# Pigeons & Chickens changing sex



## JGregg (Jul 28, 2003)

In doing research on pubmed I couldn't find any information about chickens or pigeons changing sex. I also asked my dad (a D.V.M)
about chickens playing fast and loose with their sex, and he said that it didn't happen. I don't have the heart to ask the people at UC Davis (because I want to go to Grad school there).

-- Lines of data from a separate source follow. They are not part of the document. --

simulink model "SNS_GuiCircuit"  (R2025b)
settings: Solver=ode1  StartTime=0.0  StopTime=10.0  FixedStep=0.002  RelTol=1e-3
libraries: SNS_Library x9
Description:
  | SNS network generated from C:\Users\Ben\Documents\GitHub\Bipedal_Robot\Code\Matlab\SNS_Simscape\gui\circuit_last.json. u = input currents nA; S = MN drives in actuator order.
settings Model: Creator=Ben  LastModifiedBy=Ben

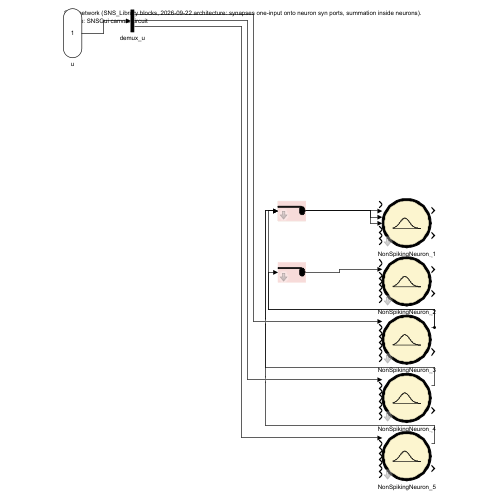
[thumbnail: Simulink's stored preview of the top-level diagram]
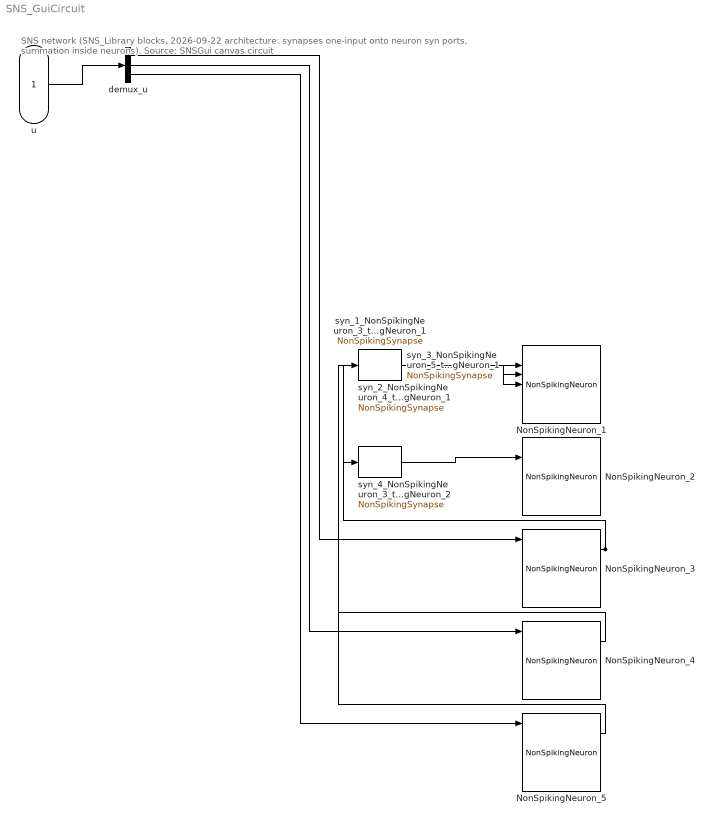
== system SNS_GuiCircuit ==
  note: SNS network (SNS_Library blocks, 2026-09-22 architecture: synapses one-input onto neuron syn ports, summation inside neurons).
      | Source: SNSGui canvas circuit
  u : Inport  PortDimensions=3
  NonSpikingNeuron_{1..5} (5 alike) : SNS_Library/NonSpikingNeuron  Vrest=-52  Gm=0.1  Cm=5  Thr=0  Slope=5
  demux_u : Demux  Outputs=3
  syn_1_NonSpikingNeuron_3_to_NonSpikingNeuron_1 : SNS_Library/NonSpikingSynapse  gmax=1  Esyn=0  ThrPre=-55  SlopePre=1
  syn_2_NonSpikingNeuron_4_to_NonSpikingNeuron_1 : SNS_Library/NonSpikingSynapse  gmax=1  Esyn=-72  ThrPre=-55  SlopePre=1
  syn_3_NonSpikingNeuron_5_to_NonSpikingNeuron_1 : SNS_Library/NonSpikingSynapse  gmax=1  Esyn=-72  ThrPre=-55  SlopePre=1
  syn_4_NonSpikingNeuron_3_to_NonSpikingNeuron_2 : SNS_Library/NonSpikingSynapse  gmax=1  Esyn=-72  ThrPre=-55  SlopePre=1
  wires:
  u/1 -> demux_u/1
  syn_1_NonSpikingNeuron_3_to_NonSpikingNeuron_1/1 -> NonSpikingNeuron_1/2
  syn_2_NonSpikingNeuron_4_to_NonSpikingNeuron_1/1 -> NonSpikingNeuron_1/3
  syn_3_NonSpikingNeuron_5_to_NonSpikingNeuron_1/1 -> NonSpikingNeuron_1/4
  syn_4_NonSpikingNeuron_3_to_NonSpikingNeuron_2/1 -> NonSpikingNeuron_2/2
  demux_u/1 -> NonSpikingNeuron_3/1
  demux_u/2 -> NonSpikingNeuron_4/1
  demux_u/3 -> NonSpikingNeuron_5/1
  NonSpikingNeuron_3/1 -> syn_1_NonSpikingNeuron_3_to_NonSpikingNeuron_1/1, syn_4_NonSpikingNeuron_3_to_NonSpikingNeuron_2/1
  NonSpikingNeuron_4/1 -> syn_2_NonSpikingNeuron_4_to_NonSpikingNeuron_1/1
  NonSpikingNeuron_5/1 -> syn_3_NonSpikingNeuron_5_to_NonSpikingNeuron_1/1

Here's a challange, can you cite literature which states that chickens or pigeons change sex?


----------



## Nanci (Jul 4, 2003)

http://www.the-coop.org/wwwboard/discus/messages/5105/1510.html 

Sounds like a case of hormonal confusion!

Nanci


----------



## Feefo (Feb 8, 2002)

Yes, I read about that in one of my pigeon books. As far as I remember it said that hens can become cocks capable of fertilising eggs. It struck me because it reminded me of Jurassic park.

Cynthia


----------



## JGregg (Jul 28, 2003)

Yep, chickens don't change sex. Now let's check on pigeons. Can you be more specific than "one of my pigeon books"? A title and author would be great. I doubt that pigeons change sex, c'mon you don't just alter something as complex as gameteogenesis!


----------



## Guest (Dec 3, 2003)

Boy, I'm having enough trouble telling what sex my 3-month old Ringneck Dove and Rock Dove couple actually are without those kinds of confusions! LOL

Stacey


----------



## Feefo (Feb 8, 2002)

I think it was in John's book "Fit to Win". I will track it down and transcribe it!

Cynthia


----------



## Nanci (Jul 4, 2003)

http://www.abc.net.au/science/news/enviro/EnviroRepublish_972806.htm 

I was unable to find any reference to pigeons "changing sex," but that does truly happen in many species of fish. This article explains how they have found one common factor in all species that determines when the change occurs.

Nanci


----------



## JGregg (Jul 28, 2003)

Thanks Nanci, I already knew about fish changing sex (like Sheeps Heads). In the species that do it the sex change is the norm.

I couldn't find any articles about any birds changing sex, and I looked at over 300 article titles on pubmed.

But somebody on theis website said that chickens and pigeons change sex. So I'm checking it out. Right now I'm waiting on Cynthia to find out the title and author of a book that says that pigeons change sex. Hopefully the book (if it says pigeons change sex) refers to a primary research article, so I can look at the materials and methods section.


----------



## Feefo (Feb 8, 2002)

Okay, found it!

Extract from "Fit to Win" by Wim Peters, The Racing Pigeon Publishing Co Ltd. 1995 ISBN 0-85390-043-4:

_SEX REVERSAL

An apparent change of sex (pseudohermaphroditism) sometimes occurs in pigeons, as it does in other birds. The condition must be differentiated from hereditary hermaphroditism (presence of functional male and female organs in the same animal), which was described in a family of pigeons by Riddle...

Pseudohermaphroditism (sex reversal, sex change) is relatively common and is responsible for the male characteristics developing in a hen. Tumours, hormonal imbalance, infection etc. produce a new level of hormones that cause the body to override the existing secondary sexual characteristics. Artificially this condition can be produced by testosterone injection.

Grades of sex reversal is seen. When in the extreme, pseudohemaphroditism occurs, and true hens (egg-laying) change to cock like individuals, capable of fertilisation. In nearly all cases the situation involves a hen, apparently reverting to a cock, although correction of the status (apparent cock back to hen) does occur._

Cynthia

[This message has been edited by cyro51 (edited December 05, 2003).]


----------



## raynjudy (Aug 22, 2000)

I've read it and can accept that it was written, but I'd need to see a double-blind study to convince me.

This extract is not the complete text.